For instance, the \(m^{th}\) partial sum corresponding to the Fourier series \(\eqref{series}\) is, \[S_m(x)= \frac{\pi}{4}+\sum _{n=1}^m \{ \frac{1-(-1)^n}{n^2\pi} \cos nx + \frac{1}{n} \sin nx \}.\] Observe the plots for \(S_2(x), S_4(x)\) and \(S_{14}(x)\) shown in Fig. 6, and compare with the graph in Fig. 3. As \(m\) increases, it becomes more and more difficult to distinguish \(S_m\) from the graph of \(f(x)\), and we can be fairly confident that the Fourier series of \(f(x)\) converges to \(f(x)\) for all \(x \in (-\pi,\pi)\).

Second, fourth and fourteenth partial sums of \(f\).

\(S_2(x)\)	\(S_4(x)\)
\(S_{14}(x)\)

3.3.2 Convergence theorem

Let \(f\) and \(f'\) be continuous functions, except at a finite number of points in the interval \((-p,p)\) (i.e. let \(f\) and \(f'\) be piecewise continuous on \((-p,p)\)), and let them only have finite (jump) discontinuities at these points. Then,

\(\bullet\) At a point of continuity \(x\), the Fourier series of \(f\) on \((-p,p)\) converges to \(f(x)\).

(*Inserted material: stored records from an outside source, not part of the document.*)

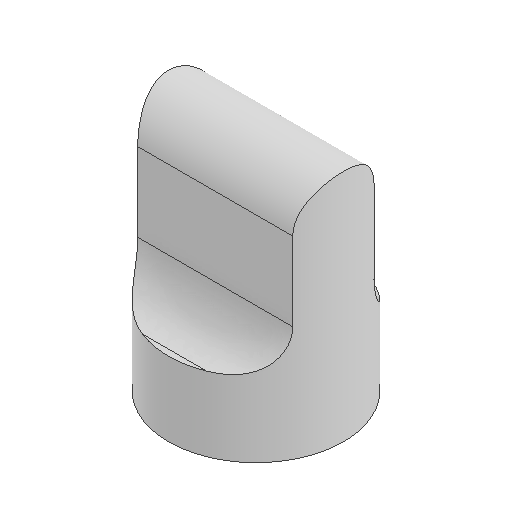
# Autodesk Inventor part: Half Universal
Saved by Autodesk Inventor 2025 (Build 290162010, 162A)
## iProperties
Created: 2024-12-02
Part Number: Half Universal
Material: Generic
Document SubType Name: Modeling
Designer: ALEXANDERNICHOLS
Density: 1 g/cm^3
Appearance: Default
Author: ALEXANDERNICHOLS
Autodesk Inventor part; units mm, degrees
ref_plane "YZ Plane" through (0, 0, 0) normal (1, 0, 0) x (0, 1, 0)
ref_plane "XZ Plane" through (0, 0, 0) normal (0, 1, 0) x (-1, 0, 0)
ref_plane "XY Plane" through (0, 0, 0) normal (0, 0, 1) x (1, 0, 0)
sketch "Sketch1" plane through (0, 0, 0) normal (0, 1, 0) x (-1, 0, 0)
  circle A0 centre (0, 0) radius 2.54
  circle A1 centre (0, 0) radius 5.461
  dimension "d0" = 5.08
  dimension "d1" = 10.922
  constraints: 2 centre point, 2 coincident
  measures "d0" diameter of A0
  measures "d1" diameter of A1
extrude "Extrusion1" add sketch "Sketch1" along normal blind 14.605 contours A0 | A1
sketch "Sketch2" plane through (0, 0, 0) normal (1, 0, 0) x (0, 1, 0)
  arc A0 (12.065, -2.54) -> (12.065, 2.54) centre (12.065, 0) ccw
  line L0 (0, 5.461) -> (14.605, 5.461) projected
  line L1 (0, -5.461) -> (14.605, -5.461) projected
  line L2 (12.065, 2.54) -> (7.1656, 2.54)
  line L3 (12.065, -2.54) -> (7.1656, -2.54)
  line L4 (4.6256, 5.461) -> (4.6256, 5.08)
  line L5 (4.6256, -5.08) -> (4.6256, -5.461)
  arc A1 (4.6256, 5.08) -> (7.1656, 2.54) centre (7.1656, 5.08) ccw
  arc A2 (7.1656, -2.54) -> (4.6256, -5.08) centre (7.1656, -5.08) ccw
  line L6 (14.605, 2.54) -> (14.605, -2.54) projected
  line L7 (14.605, -5.461) -> (14.605, 5.461) projected
  point P0 (0, 0)
  point P1 (14.605, 0)
  dimension "d4" = 2.54
  dimension "d5" = 2.54
  constraints: 8 end point, 7 tangent, 6 perpendicular, 6 point on circle, 3 centre point, 2 point on line, 1 equal radius
  measures "d4" radius of A1
  measures "d5" radius of A0
extrude "Extrusion2" cut sketch "Sketch2" along normal mid plane 14.605
body "Solid1"

\(\bullet\) At a point of discontinuity \(x_0\), the Fourier series converges to the average \[\frac{f(x_{0+})+f(x_{0-})}{2},\] where \[\begin{aligned} f(x_{0+})&=& \lim_{h \rightarrow 0}f(x_0+h)\qquad h>0,\\ f(x_{0-})&=& \lim_{h \rightarrow 0}f(x_0-h)\qquad h>0.\end{aligned}\] In other words, it converges to the midpoint of the jump. Moreover, if \(f(-p)\neq f(p)\), its Fourier series converges to the average of the endpoints at both ends, as illustrated in Fig. 8 (for \(p\equiv \pi\)).

Left as an exercise.

A piecewise continuous function on \([-\pi,\pi]\) (left) generates a Fourier series converging to the function on the right.

In summary,

If the function \(\mathsf{f(x)}\) is piecewise smooth on \(\mathsf{x\in(-p, p)}\) then the sequence of truncated Fourier series converges as follows: \[\begin{aligned} &&\mathsf{\lim_{N\to\infty}S_N(x)} \to \mathsf{ \frac{1}{2}\left(\lim_{y\,\downarrow\, x}f(y) + \lim_{y\,\uparrow\, x}f(y)\right)}\\ &&= \left\{\begin{array}{l } \mathsf{f(x)} \,\, \textsf{if}\,\, \textsf{f}\, \,\textsf{is continuous at}\,\, \textsf{x},\\ \textsf{average of}\,\, \textsf{f(x)}\,\,\textsf{across jump at a}\\ \quad \textsf{ discontinuity in}\,\, \textsf{f(x)} \end{array}\right. \end{aligned}\] (\(\mathsf{y \downarrow x}\)  and  \(\mathsf{y \uparrow x}\)  denote the one-sided limits as  \(\mathsf{y}\) approaches  \(\mathsf{x}\)  from above or below respectively.)

The above also illustrates how to produce sans serif fonts for both text and formulas (through textsf and mathsf).